[Data extracts Boundary: Start]

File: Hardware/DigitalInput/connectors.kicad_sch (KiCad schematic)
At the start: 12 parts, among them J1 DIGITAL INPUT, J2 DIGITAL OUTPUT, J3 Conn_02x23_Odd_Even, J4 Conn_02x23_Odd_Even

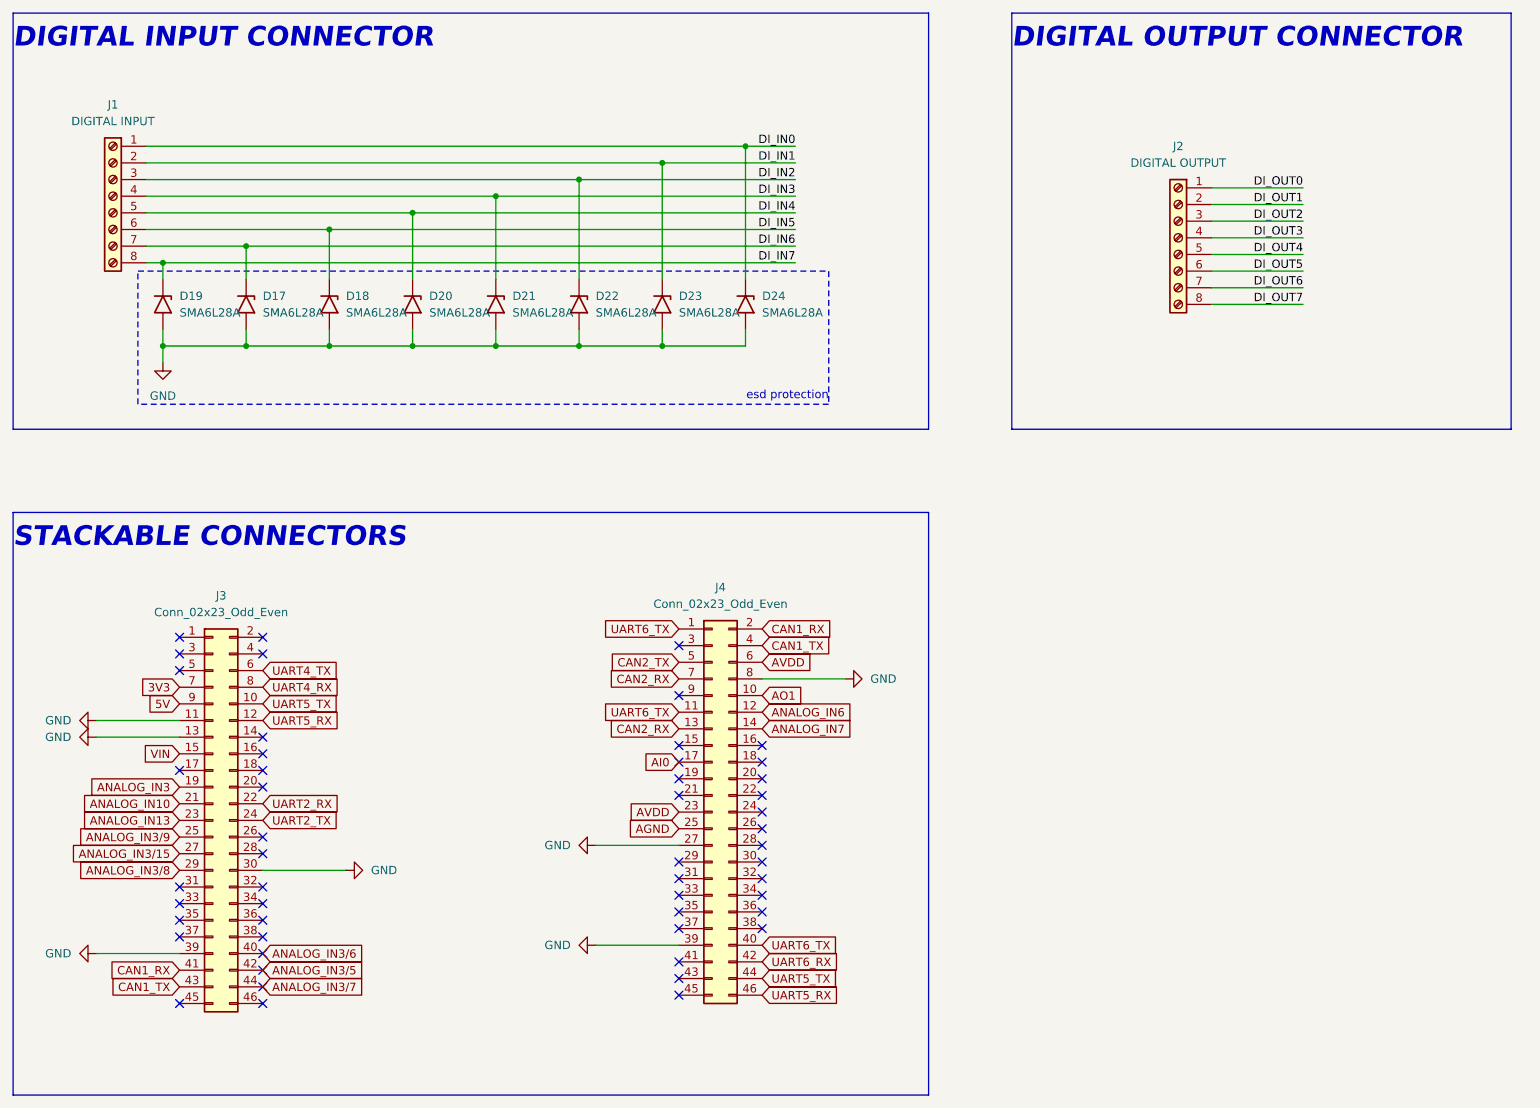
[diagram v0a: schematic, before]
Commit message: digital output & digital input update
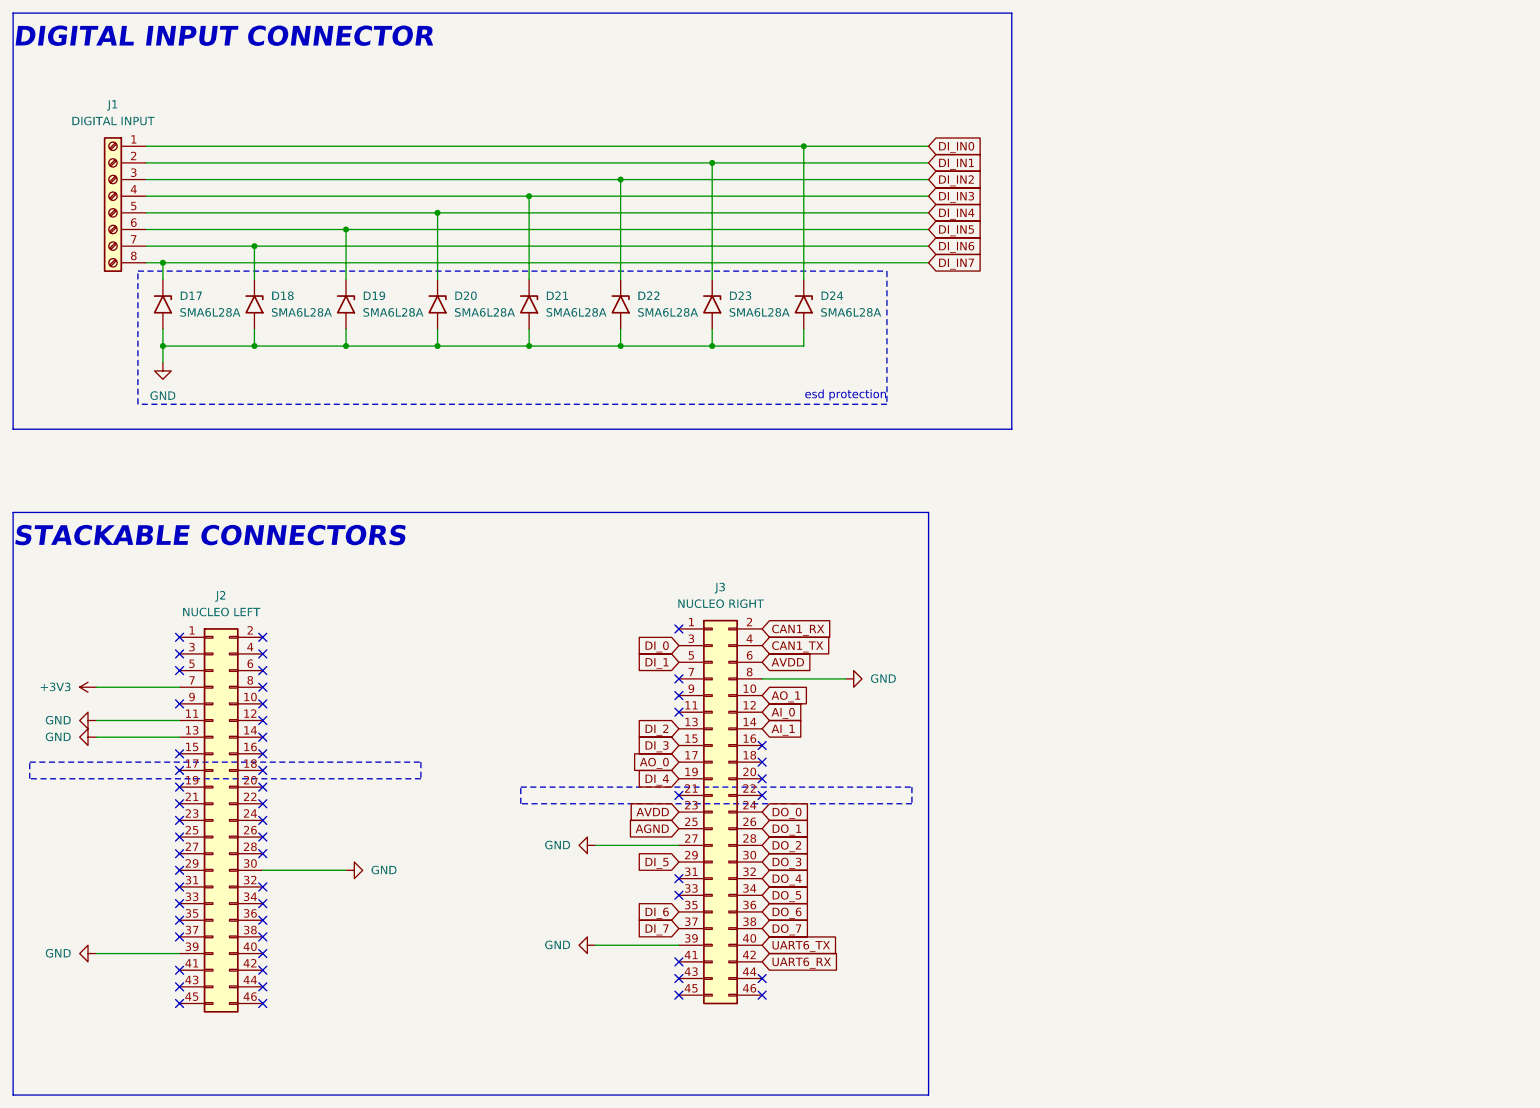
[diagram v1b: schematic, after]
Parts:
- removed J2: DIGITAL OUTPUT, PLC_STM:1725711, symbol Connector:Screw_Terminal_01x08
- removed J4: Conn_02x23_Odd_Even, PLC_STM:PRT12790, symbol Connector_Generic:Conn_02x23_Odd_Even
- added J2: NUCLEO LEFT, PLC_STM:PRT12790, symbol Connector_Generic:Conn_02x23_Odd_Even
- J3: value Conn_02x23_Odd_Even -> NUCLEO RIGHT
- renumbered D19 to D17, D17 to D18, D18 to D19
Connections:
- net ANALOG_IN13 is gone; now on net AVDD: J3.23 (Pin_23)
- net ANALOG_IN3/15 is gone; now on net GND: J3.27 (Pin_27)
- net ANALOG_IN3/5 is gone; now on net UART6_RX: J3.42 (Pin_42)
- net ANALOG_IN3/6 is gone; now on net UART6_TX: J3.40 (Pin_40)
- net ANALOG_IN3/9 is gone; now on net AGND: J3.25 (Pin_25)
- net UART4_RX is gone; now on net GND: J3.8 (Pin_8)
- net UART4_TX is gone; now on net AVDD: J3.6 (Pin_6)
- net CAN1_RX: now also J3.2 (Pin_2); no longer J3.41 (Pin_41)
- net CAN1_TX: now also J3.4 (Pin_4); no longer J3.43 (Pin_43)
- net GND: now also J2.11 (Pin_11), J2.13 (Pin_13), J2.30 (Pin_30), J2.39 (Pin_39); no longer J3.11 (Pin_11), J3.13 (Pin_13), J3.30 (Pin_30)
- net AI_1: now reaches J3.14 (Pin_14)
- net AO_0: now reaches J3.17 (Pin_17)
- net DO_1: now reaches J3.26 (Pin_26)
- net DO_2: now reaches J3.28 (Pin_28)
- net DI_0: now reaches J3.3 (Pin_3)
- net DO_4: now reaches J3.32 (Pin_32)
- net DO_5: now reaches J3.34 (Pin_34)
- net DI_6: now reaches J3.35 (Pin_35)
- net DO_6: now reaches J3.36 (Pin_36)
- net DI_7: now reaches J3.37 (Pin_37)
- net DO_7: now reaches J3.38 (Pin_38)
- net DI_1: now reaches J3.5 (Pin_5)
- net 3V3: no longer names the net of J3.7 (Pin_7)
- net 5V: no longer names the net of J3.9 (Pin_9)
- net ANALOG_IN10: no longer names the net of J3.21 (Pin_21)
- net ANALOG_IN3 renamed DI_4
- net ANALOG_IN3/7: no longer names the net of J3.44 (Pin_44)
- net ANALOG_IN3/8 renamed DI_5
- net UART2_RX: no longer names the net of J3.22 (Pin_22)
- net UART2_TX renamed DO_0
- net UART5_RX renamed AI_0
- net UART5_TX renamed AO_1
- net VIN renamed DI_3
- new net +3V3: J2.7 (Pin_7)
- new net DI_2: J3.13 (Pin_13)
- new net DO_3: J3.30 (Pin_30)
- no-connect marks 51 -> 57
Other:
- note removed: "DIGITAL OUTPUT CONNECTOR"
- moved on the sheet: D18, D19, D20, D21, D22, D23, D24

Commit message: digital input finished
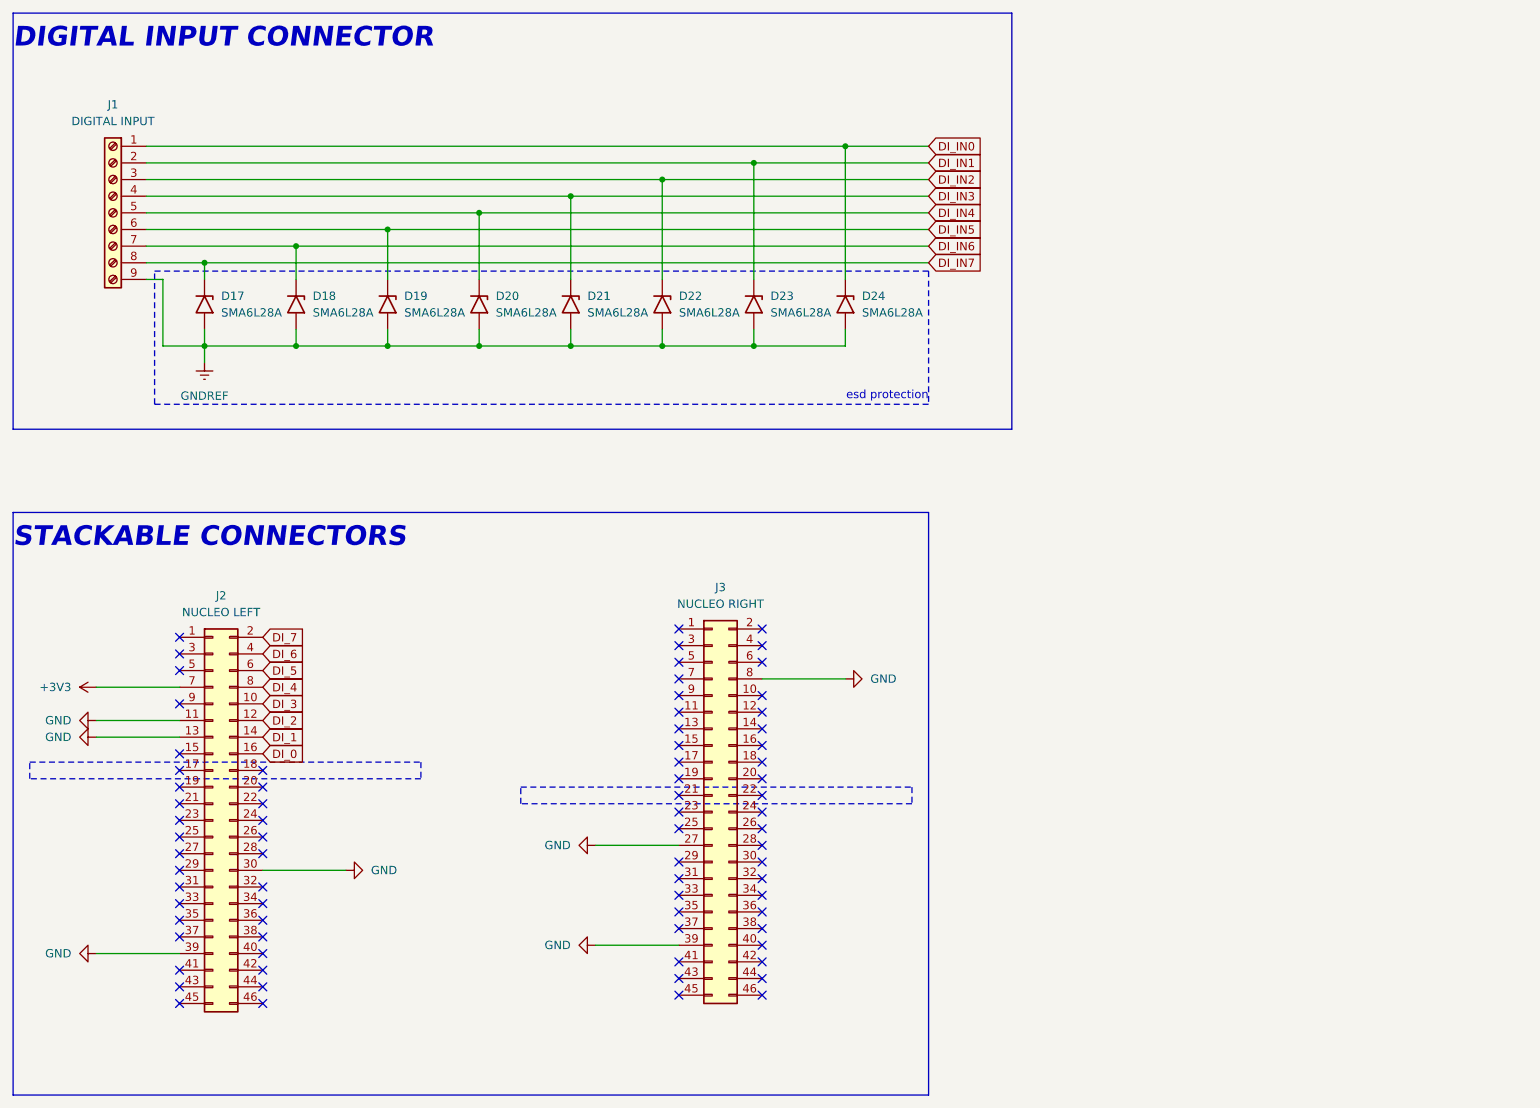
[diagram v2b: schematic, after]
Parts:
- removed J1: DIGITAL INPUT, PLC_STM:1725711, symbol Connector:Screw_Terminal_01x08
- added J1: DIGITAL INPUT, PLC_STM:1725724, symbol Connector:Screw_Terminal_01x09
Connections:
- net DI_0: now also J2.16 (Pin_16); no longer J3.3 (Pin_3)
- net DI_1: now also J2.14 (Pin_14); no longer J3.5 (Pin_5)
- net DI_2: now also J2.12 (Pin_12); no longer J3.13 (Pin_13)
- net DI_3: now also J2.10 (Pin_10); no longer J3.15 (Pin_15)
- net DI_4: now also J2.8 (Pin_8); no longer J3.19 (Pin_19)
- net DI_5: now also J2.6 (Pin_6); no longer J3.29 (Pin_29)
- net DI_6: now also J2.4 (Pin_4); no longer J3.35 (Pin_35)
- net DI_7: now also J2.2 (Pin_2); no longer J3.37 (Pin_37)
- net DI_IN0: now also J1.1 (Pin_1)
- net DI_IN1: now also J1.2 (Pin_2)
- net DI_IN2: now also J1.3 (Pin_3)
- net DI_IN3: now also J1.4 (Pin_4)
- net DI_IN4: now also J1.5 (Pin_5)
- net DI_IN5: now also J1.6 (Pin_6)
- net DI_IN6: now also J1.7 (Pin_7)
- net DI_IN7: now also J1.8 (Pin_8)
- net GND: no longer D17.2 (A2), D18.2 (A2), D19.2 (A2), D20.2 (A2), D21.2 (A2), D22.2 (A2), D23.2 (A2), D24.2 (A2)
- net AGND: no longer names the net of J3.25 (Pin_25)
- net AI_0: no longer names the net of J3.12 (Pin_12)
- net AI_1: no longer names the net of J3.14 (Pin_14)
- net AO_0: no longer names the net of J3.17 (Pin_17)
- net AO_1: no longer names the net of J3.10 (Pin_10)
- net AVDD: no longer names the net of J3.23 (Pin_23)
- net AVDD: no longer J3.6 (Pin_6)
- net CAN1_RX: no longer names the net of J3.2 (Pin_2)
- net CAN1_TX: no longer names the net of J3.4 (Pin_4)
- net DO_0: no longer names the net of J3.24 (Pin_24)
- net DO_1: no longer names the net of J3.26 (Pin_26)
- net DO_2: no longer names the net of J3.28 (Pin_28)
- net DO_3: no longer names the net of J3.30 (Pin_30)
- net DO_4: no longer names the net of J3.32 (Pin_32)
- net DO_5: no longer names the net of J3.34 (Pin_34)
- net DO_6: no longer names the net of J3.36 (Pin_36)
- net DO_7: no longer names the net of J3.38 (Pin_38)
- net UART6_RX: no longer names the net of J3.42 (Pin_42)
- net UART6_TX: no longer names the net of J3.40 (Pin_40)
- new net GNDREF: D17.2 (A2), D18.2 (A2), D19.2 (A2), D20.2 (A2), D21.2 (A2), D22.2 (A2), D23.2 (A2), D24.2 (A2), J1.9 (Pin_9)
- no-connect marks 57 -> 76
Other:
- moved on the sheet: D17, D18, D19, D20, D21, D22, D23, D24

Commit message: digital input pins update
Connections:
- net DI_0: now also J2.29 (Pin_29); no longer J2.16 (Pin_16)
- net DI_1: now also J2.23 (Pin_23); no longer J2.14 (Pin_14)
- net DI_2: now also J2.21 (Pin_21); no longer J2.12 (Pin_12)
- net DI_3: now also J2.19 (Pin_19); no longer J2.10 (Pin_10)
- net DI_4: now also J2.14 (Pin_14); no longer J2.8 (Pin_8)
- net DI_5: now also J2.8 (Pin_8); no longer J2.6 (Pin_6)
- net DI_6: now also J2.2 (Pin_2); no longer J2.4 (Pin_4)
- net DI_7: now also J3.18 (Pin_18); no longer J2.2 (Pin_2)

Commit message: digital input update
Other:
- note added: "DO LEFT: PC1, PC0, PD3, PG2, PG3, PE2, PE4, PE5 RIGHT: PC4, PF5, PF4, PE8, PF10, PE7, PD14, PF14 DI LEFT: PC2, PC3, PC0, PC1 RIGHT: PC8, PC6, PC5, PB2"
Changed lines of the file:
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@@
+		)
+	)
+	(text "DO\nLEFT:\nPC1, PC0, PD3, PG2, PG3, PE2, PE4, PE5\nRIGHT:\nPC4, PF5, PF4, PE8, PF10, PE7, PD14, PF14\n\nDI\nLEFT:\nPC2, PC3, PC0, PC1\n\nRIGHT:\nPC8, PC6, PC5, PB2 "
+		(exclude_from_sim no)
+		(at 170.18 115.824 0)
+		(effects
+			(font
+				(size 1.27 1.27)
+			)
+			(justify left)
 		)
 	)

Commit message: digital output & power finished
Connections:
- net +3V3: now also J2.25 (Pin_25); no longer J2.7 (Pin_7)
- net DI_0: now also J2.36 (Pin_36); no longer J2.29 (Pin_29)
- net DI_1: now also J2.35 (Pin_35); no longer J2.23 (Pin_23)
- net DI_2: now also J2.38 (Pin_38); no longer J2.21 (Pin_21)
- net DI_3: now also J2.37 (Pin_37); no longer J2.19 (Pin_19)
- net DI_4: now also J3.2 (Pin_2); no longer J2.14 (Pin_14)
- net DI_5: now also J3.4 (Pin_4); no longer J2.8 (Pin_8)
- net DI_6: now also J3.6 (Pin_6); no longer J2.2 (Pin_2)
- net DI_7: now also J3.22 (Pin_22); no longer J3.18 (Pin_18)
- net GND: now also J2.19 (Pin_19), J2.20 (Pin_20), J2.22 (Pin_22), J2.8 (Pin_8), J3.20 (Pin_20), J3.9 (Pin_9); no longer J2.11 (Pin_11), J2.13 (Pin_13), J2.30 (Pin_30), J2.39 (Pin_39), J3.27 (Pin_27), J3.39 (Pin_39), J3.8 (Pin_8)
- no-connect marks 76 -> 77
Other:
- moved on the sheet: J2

[Data extracts Boundary: End]

How to complete this task >> Pull out every line of the entries that includes the word "diagram".

Finished task >>
[diagram v0a: schematic, before]
[diagram v1b: schematic, after]
[diagram v2b: schematic, after]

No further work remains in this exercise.